→ **Extracted data entries**:
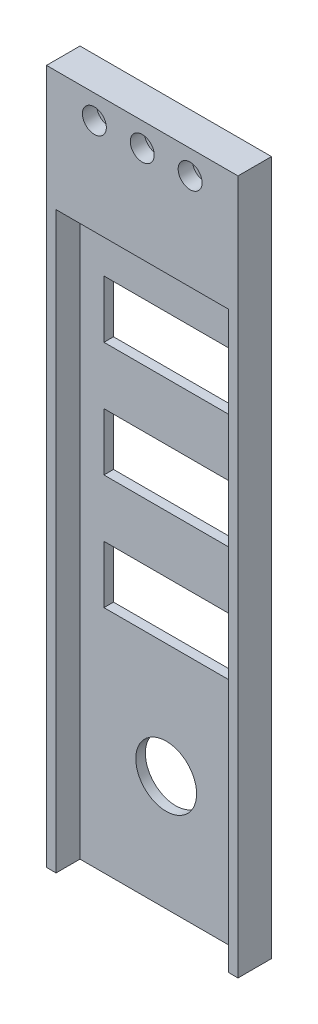
ISO-10303-21;
HEADER;
FILE_DESCRIPTION(('STEP AP214'),'2;1');
FILE_NAME('part.step','',(''),(''),'','','');
FILE_SCHEMA(('AUTOMOTIVE_DESIGN { 1 0 10303 214 1 1 1 1 }'));
ENDSEC;
DATA;
#1=APPLICATION_CONTEXT('core data for automotive mechanical design processes');
#2=APPLICATION_PROTOCOL_DEFINITION('international standard','automotive_design',2000,#1);
#3=PRODUCT_CONTEXT('',#1,'mechanical');
#4=PRODUCT('Part','Part','',(#3));
#5=PRODUCT_RELATED_PRODUCT_CATEGORY('part','',(#4));
#6=PRODUCT_DEFINITION_FORMATION('','',#4);
#7=PRODUCT_DEFINITION_CONTEXT('part definition',#1,'design');
#8=PRODUCT_DEFINITION('design','',#6,#7);
#9=PRODUCT_DEFINITION_SHAPE('','',#8);
#10=(LENGTH_UNIT() NAMED_UNIT(*) SI_UNIT(.MILLI.,.METRE.));
#11=(NAMED_UNIT(*) PLANE_ANGLE_UNIT() SI_UNIT($,.RADIAN.));
#12=(NAMED_UNIT(*) SI_UNIT($,.STERADIAN.) SOLID_ANGLE_UNIT());
#13=UNCERTAINTY_MEASURE_WITH_UNIT(LENGTH_MEASURE(1.E-05),#10,'distance_accuracy_value','');
#14=(GEOMETRIC_REPRESENTATION_CONTEXT(3) GLOBAL_UNCERTAINTY_ASSIGNED_CONTEXT((#13)) GLOBAL_UNIT_ASSIGNED_CONTEXT((#10,
#11,#12)) REPRESENTATION_CONTEXT('',''));
#15=CARTESIAN_POINT('',(0.,0.,0.));
#16=DIRECTION('',(0.,0.,1.));
#17=DIRECTION('',(1.,0.,0.));
#18=AXIS2_PLACEMENT_3D('',#15,#16,#17);
#19=CARTESIAN_POINT('',(20.,140.1,0.));
#20=DIRECTION('',(0.,0.,1.));
#21=DIRECTION('',(1.,0.,0.));
#22=AXIS2_PLACEMENT_3D('',#19,#20,#21);
#23=CYLINDRICAL_SURFACE('',#22,1.25);
#24=CARTESIAN_POINT('',(20.,140.1,0.));
#25=DIRECTION('',(0.,0.,1.));
#26=DIRECTION('',(1.,0.,0.));
#27=AXIS2_PLACEMENT_3D('',#24,#25,#26);
#28=CIRCLE('',#27,1.25);
#29=CARTESIAN_POINT('',(21.25,140.1,0.));
#30=VERTEX_POINT('',#29);
#31=EDGE_CURVE('E329',#30,#30,#28,.T.);
#32=ORIENTED_EDGE('',*,*,#31,.F.);
#33=EDGE_LOOP('',(#32));
#34=FACE_BOUND('',#33,.T.);
#35=CARTESIAN_POINT('',(20.,140.1,4.));
#36=DIRECTION('',(0.,0.,1.));
#37=DIRECTION('',(1.,0.,0.));
#38=AXIS2_PLACEMENT_3D('',#35,#36,#37);
#39=CIRCLE('',#38,1.25);
#40=CARTESIAN_POINT('',(21.25,140.1,4.));
#41=VERTEX_POINT('',#40);
#42=EDGE_CURVE('E333',#41,#41,#39,.F.);
#43=ORIENTED_EDGE('',*,*,#42,.F.);
#44=EDGE_LOOP('',(#43));
#45=FACE_BOUND('',#44,.T.);
#46=ADVANCED_FACE('F34',(#34,#45),#23,.F.);
#47=CARTESIAN_POINT('',(10.,140.1,0.));
#48=DIRECTION('',(0.,0.,1.));
#49=DIRECTION('',(1.,0.,0.));
#50=AXIS2_PLACEMENT_3D('',#47,#48,#49);
#51=CYLINDRICAL_SURFACE('',#50,1.25);
#52=CARTESIAN_POINT('',(10.,140.1,0.));
#53=DIRECTION('',(0.,0.,1.));
#54=DIRECTION('',(1.,0.,0.));
#55=AXIS2_PLACEMENT_3D('',#52,#53,#54);
#56=CIRCLE('',#55,1.25);
#57=CARTESIAN_POINT('',(11.25,140.1,0.));
#58=VERTEX_POINT('',#57);
#59=EDGE_CURVE('E326',#58,#58,#56,.T.);
#60=ORIENTED_EDGE('',*,*,#59,.F.);
#61=EDGE_LOOP('',(#60));
#62=FACE_BOUND('',#61,.T.);
#63=CARTESIAN_POINT('',(10.,140.1,4.));
#64=DIRECTION('',(0.,0.,1.));
#65=DIRECTION('',(1.,0.,0.));
#66=AXIS2_PLACEMENT_3D('',#63,#64,#65);
#67=CIRCLE('',#66,1.25);
#68=CARTESIAN_POINT('',(11.25,140.1,4.));
#69=VERTEX_POINT('',#68);
#70=EDGE_CURVE('E367',#69,#69,#67,.F.);
#71=ORIENTED_EDGE('',*,*,#70,.F.);
#72=EDGE_LOOP('',(#71));
#73=FACE_BOUND('',#72,.T.);
#74=ADVANCED_FACE('F375',(#62,#73),#51,.F.);
#75=CARTESIAN_POINT('',(30.,140.1,0.));
#76=DIRECTION('',(0.,0.,1.));
#77=DIRECTION('',(1.,0.,0.));
#78=AXIS2_PLACEMENT_3D('',#75,#76,#77);
#79=CYLINDRICAL_SURFACE('',#78,1.25);
#80=CARTESIAN_POINT('',(30.,140.1,0.));
#81=DIRECTION('',(0.,0.,1.));
#82=DIRECTION('',(1.,0.,0.));
#83=AXIS2_PLACEMENT_3D('',#80,#81,#82);
#84=CIRCLE('',#83,1.25);
#85=CARTESIAN_POINT('',(31.25,140.1,0.));
#86=VERTEX_POINT('',#85);
#87=EDGE_CURVE('E330',#86,#86,#84,.T.);
#88=ORIENTED_EDGE('',*,*,#87,.F.);
#89=EDGE_LOOP('',(#88));
#90=FACE_BOUND('',#89,.T.);
#91=CARTESIAN_POINT('',(30.,140.1,4.));
#92=DIRECTION('',(0.,0.,1.));
#93=DIRECTION('',(1.,0.,0.));
#94=AXIS2_PLACEMENT_3D('',#91,#92,#93);
#95=CIRCLE('',#94,1.25);
#96=CARTESIAN_POINT('',(31.25,140.1,4.));
#97=VERTEX_POINT('',#96);
#98=EDGE_CURVE('E311',#97,#97,#95,.F.);
#99=ORIENTED_EDGE('',*,*,#98,.F.);
#100=EDGE_LOOP('',(#99));
#101=FACE_BOUND('',#100,.T.);
#102=ADVANCED_FACE('F381',(#90,#101),#79,.F.);
#103=CARTESIAN_POINT('',(0.,0.,7.));
#104=DIRECTION('',(0.,1.,0.));
#105=DIRECTION('',(0.,0.,1.));
#106=AXIS2_PLACEMENT_3D('',#103,#104,#105);
#107=PLANE('',#106);
#108=DIRECTION('',(1.,0.,0.));
#109=VECTOR('',#108,1.);
#110=CARTESIAN_POINT('',(2.,0.,2.));
#111=LINE('',#110,#109);
#112=CARTESIAN_POINT('',(2.,0.,2.));
#113=VERTEX_POINT('',#112);
#114=CARTESIAN_POINT('',(38.,0.,2.));
#115=VERTEX_POINT('',#114);
#116=EDGE_CURVE('E279',#113,#115,#111,.T.);
#117=ORIENTED_EDGE('',*,*,#116,.F.);
#118=DIRECTION('',(0.,0.,1.));
#119=VECTOR('',#118,1.);
#120=CARTESIAN_POINT('',(2.,0.,2.));
#121=LINE('',#120,#119);
#122=CARTESIAN_POINT('',(2.,0.,7.));
#123=VERTEX_POINT('',#122);
#124=EDGE_CURVE('E289',#113,#123,#121,.T.);
#125=ORIENTED_EDGE('',*,*,#124,.T.);
#126=DIRECTION('',(1.,0.,0.));
#127=VECTOR('',#126,1.);
#128=CARTESIAN_POINT('',(0.,0.,7.));
#129=LINE('',#128,#127);
#130=CARTESIAN_POINT('',(0.,0.,7.));
#131=VERTEX_POINT('',#130);
#132=EDGE_CURVE('E337',#131,#123,#129,.T.);
#133=ORIENTED_EDGE('',*,*,#132,.F.);
#134=DIRECTION('',(0.,0.,-1.));
#135=VECTOR('',#134,1.);
#136=CARTESIAN_POINT('',(0.,0.,7.));
#137=LINE('',#136,#135);
#138=CARTESIAN_POINT('',(0.,0.,0.));
#139=VERTEX_POINT('',#138);
#140=EDGE_CURVE('E349',#131,#139,#137,.T.);
#141=ORIENTED_EDGE('',*,*,#140,.T.);
#142=DIRECTION('',(1.,0.,0.));
#143=VECTOR('',#142,1.);
#144=CARTESIAN_POINT('',(0.,0.,0.));
#145=LINE('',#144,#143);
#146=CARTESIAN_POINT('',(40.,0.,0.));
#147=VERTEX_POINT('',#146);
#148=EDGE_CURVE('E336',#139,#147,#145,.T.);
#149=ORIENTED_EDGE('',*,*,#148,.T.);
#150=DIRECTION('',(0.,0.,-1.));
#151=VECTOR('',#150,1.);
#152=CARTESIAN_POINT('',(40.,0.,7.));
#153=LINE('',#152,#151);
#154=CARTESIAN_POINT('',(40.,0.,7.));
#155=VERTEX_POINT('',#154);
#156=EDGE_CURVE('E11',#155,#147,#153,.T.);
#157=ORIENTED_EDGE('',*,*,#156,.F.);
#158=CARTESIAN_POINT('',(38.,0.,7.));
#159=VERTEX_POINT('',#158);
#160=EDGE_CURVE('E341',#159,#155,#129,.T.);
#161=ORIENTED_EDGE('',*,*,#160,.F.);
#162=DIRECTION('',(0.,0.,1.));
#163=VECTOR('',#162,1.);
#164=CARTESIAN_POINT('',(38.,0.,2.));
#165=LINE('',#164,#163);
#166=EDGE_CURVE('E300',#115,#159,#165,.T.);
#167=ORIENTED_EDGE('',*,*,#166,.F.);
#168=EDGE_LOOP('',(#117,#125,#133,#141,#149,#157,#161,#167));
#169=FACE_BOUND('',#168,.T.);
#170=ADVANCED_FACE('F36',(#169),#107,.F.);
#171=CARTESIAN_POINT('',(40.,0.,7.));
#172=DIRECTION('',(-1.,0.,0.));
#173=DIRECTION('',(0.,0.,1.));
#174=AXIS2_PLACEMENT_3D('',#171,#172,#173);
#175=PLANE('',#174);
#176=DIRECTION('',(0.,1.,0.));
#177=VECTOR('',#176,1.);
#178=CARTESIAN_POINT('',(40.,0.,0.));
#179=LINE('',#178,#177);
#180=CARTESIAN_POINT('',(40.,145.1,0.));
#181=VERTEX_POINT('',#180);
#182=EDGE_CURVE('E352',#147,#181,#179,.T.);
#183=ORIENTED_EDGE('',*,*,#182,.T.);
#184=DIRECTION('',(0.,0.,-1.));
#185=VECTOR('',#184,1.);
#186=CARTESIAN_POINT('',(40.,145.1,7.));
#187=LINE('',#186,#185);
#188=CARTESIAN_POINT('',(40.,145.1,7.));
#189=VERTEX_POINT('',#188);
#190=EDGE_CURVE('E43',#189,#181,#187,.T.);
#191=ORIENTED_EDGE('',*,*,#190,.F.);
#192=DIRECTION('',(0.,1.,0.));
#193=VECTOR('',#192,1.);
#194=CARTESIAN_POINT('',(40.,0.,7.));
#195=LINE('',#194,#193);
#196=EDGE_CURVE('E340',#155,#189,#195,.T.);
#197=ORIENTED_EDGE('',*,*,#196,.F.);
#198=ORIENTED_EDGE('',*,*,#156,.T.);
#199=EDGE_LOOP('',(#183,#191,#197,#198));
#200=FACE_BOUND('',#199,.T.);
#201=ADVANCED_FACE('F400',(#200),#175,.F.);
#202=CARTESIAN_POINT('',(0.,145.1,7.));
#203=DIRECTION('',(0.,1.,0.));
#204=DIRECTION('',(0.,0.,1.));
#205=AXIS2_PLACEMENT_3D('',#202,#203,#204);
#206=PLANE('',#205);
#207=DIRECTION('',(1.,0.,0.));
#208=VECTOR('',#207,1.);
#209=CARTESIAN_POINT('',(0.,145.1,0.));
#210=LINE('',#209,#208);
#211=CARTESIAN_POINT('',(0.,145.1,0.));
#212=VERTEX_POINT('',#211);
#213=EDGE_CURVE('E355',#212,#181,#210,.T.);
#214=ORIENTED_EDGE('',*,*,#213,.F.);
#215=DIRECTION('',(0.,0.,-1.));
#216=VECTOR('',#215,1.);
#217=CARTESIAN_POINT('',(0.,145.1,7.));
#218=LINE('',#217,#216);
#219=CARTESIAN_POINT('',(0.,145.1,7.));
#220=VERTEX_POINT('',#219);
#221=EDGE_CURVE('E362',#220,#212,#218,.T.);
#222=ORIENTED_EDGE('',*,*,#221,.F.);
#223=DIRECTION('',(1.,0.,0.));
#224=VECTOR('',#223,1.);
#225=CARTESIAN_POINT('',(0.,145.1,7.));
#226=LINE('',#225,#224);
#227=EDGE_CURVE('E343',#220,#189,#226,.T.);
#228=ORIENTED_EDGE('',*,*,#227,.T.);
#229=ORIENTED_EDGE('',*,*,#190,.T.);
#230=EDGE_LOOP('',(#214,#222,#228,#229));
#231=FACE_BOUND('',#230,.T.);
#232=ADVANCED_FACE('F397',(#231),#206,.T.);
#233=CARTESIAN_POINT('',(0.,0.,7.));
#234=DIRECTION('',(-1.,0.,0.));
#235=DIRECTION('',(0.,0.,1.));
#236=AXIS2_PLACEMENT_3D('',#233,#234,#235);
#237=PLANE('',#236);
#238=DIRECTION('',(0.,1.,0.));
#239=VECTOR('',#238,1.);
#240=CARTESIAN_POINT('',(0.,0.,0.));
#241=LINE('',#240,#239);
#242=EDGE_CURVE('E358',#139,#212,#241,.T.);
#243=ORIENTED_EDGE('',*,*,#242,.F.);
#244=ORIENTED_EDGE('',*,*,#140,.F.);
#245=DIRECTION('',(0.,1.,0.));
#246=VECTOR('',#245,1.);
#247=CARTESIAN_POINT('',(0.,0.,7.));
#248=LINE('',#247,#246);
#249=EDGE_CURVE('E346',#131,#220,#248,.T.);
#250=ORIENTED_EDGE('',*,*,#249,.T.);
#251=ORIENTED_EDGE('',*,*,#221,.T.);
#252=EDGE_LOOP('',(#243,#244,#250,#251));
#253=FACE_BOUND('',#252,.T.);
#254=ADVANCED_FACE('F390',(#253),#237,.T.);
#255=CARTESIAN_POINT('',(0.,0.,7.));
#256=DIRECTION('',(0.,0.,1.));
#257=DIRECTION('',(1.,0.,0.));
#258=AXIS2_PLACEMENT_3D('',#255,#256,#257);
#259=PLANE('',#258);
#260=DIRECTION('',(0.,-1.,0.));
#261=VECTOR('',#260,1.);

→ **WHAT TO WORK ON**: Print, without alteration, only the lines above between the one holding "#75=CARTESIAN_POINT('',(30.,140.1,0.));" and the one holding "#139=VERTEX_POINT('',#138);", inclusive.

→ **RESPONSE TO THE TASK**:
#75=CARTESIAN_POINT('',(30.,140.1,0.));
#76=DIRECTION('',(0.,0.,1.));
#77=DIRECTION('',(1.,0.,0.));
#78=AXIS2_PLACEMENT_3D('',#75,#76,#77);
#79=CYLINDRICAL_SURFACE('',#78,1.25);
#80=CARTESIAN_POINT('',(30.,140.1,0.));
#81=DIRECTION('',(0.,0.,1.));
#82=DIRECTION('',(1.,0.,0.));
#83=AXIS2_PLACEMENT_3D('',#80,#81,#82);
#84=CIRCLE('',#83,1.25);
#85=CARTESIAN_POINT('',(31.25,140.1,0.));
#86=VERTEX_POINT('',#85);
#87=EDGE_CURVE('E330',#86,#86,#84,.T.);
#88=ORIENTED_EDGE('',*,*,#87,.F.);
#89=EDGE_LOOP('',(#88));
#90=FACE_BOUND('',#89,.T.);
#91=CARTESIAN_POINT('',(30.,140.1,4.));
#92=DIRECTION('',(0.,0.,1.));
#93=DIRECTION('',(1.,0.,0.));
#94=AXIS2_PLACEMENT_3D('',#91,#92,#93);
#95=CIRCLE('',#94,1.25);
#96=CARTESIAN_POINT('',(31.25,140.1,4.));
#97=VERTEX_POINT('',#96);
#98=EDGE_CURVE('E311',#97,#97,#95,.F.);
#99=ORIENTED_EDGE('',*,*,#98,.F.);
#100=EDGE_LOOP('',(#99));
#101=FACE_BOUND('',#100,.T.);
#102=ADVANCED_FACE('F381',(#90,#101),#79,.F.);
#103=CARTESIAN_POINT('',(0.,0.,7.));
#104=DIRECTION('',(0.,1.,0.));
#105=DIRECTION('',(0.,0.,1.));
#106=AXIS2_PLACEMENT_3D('',#103,#104,#105);
#107=PLANE('',#106);
#108=DIRECTION('',(1.,0.,0.));
#109=VECTOR('',#108,1.);
#110=CARTESIAN_POINT('',(2.,0.,2.));
#111=LINE('',#110,#109);
#112=CARTESIAN_POINT('',(2.,0.,2.));
#113=VERTEX_POINT('',#112);
#114=CARTESIAN_POINT('',(38.,0.,2.));
#115=VERTEX_POINT('',#114);
#116=EDGE_CURVE('E279',#113,#115,#111,.T.);
#117=ORIENTED_EDGE('',*,*,#116,.F.);
#118=DIRECTION('',(0.,0.,1.));
#119=VECTOR('',#118,1.);
#120=CARTESIAN_POINT('',(2.,0.,2.));
#121=LINE('',#120,#119);
#122=CARTESIAN_POINT('',(2.,0.,7.));
#123=VERTEX_POINT('',#122);
#124=EDGE_CURVE('E289',#113,#123,#121,.T.);
#125=ORIENTED_EDGE('',*,*,#124,.T.);
#126=DIRECTION('',(1.,0.,0.));
#127=VECTOR('',#126,1.);
#128=CARTESIAN_POINT('',(0.,0.,7.));
#129=LINE('',#128,#127);
#130=CARTESIAN_POINT('',(0.,0.,7.));
#131=VERTEX_POINT('',#130);
#132=EDGE_CURVE('E337',#131,#123,#129,.T.);
#133=ORIENTED_EDGE('',*,*,#132,.F.);
#134=DIRECTION('',(0.,0.,-1.));
#135=VECTOR('',#134,1.);
#136=CARTESIAN_POINT('',(0.,0.,7.));
#137=LINE('',#136,#135);
#138=CARTESIAN_POINT('',(0.,0.,0.));
#139=VERTEX_POINT('',#138);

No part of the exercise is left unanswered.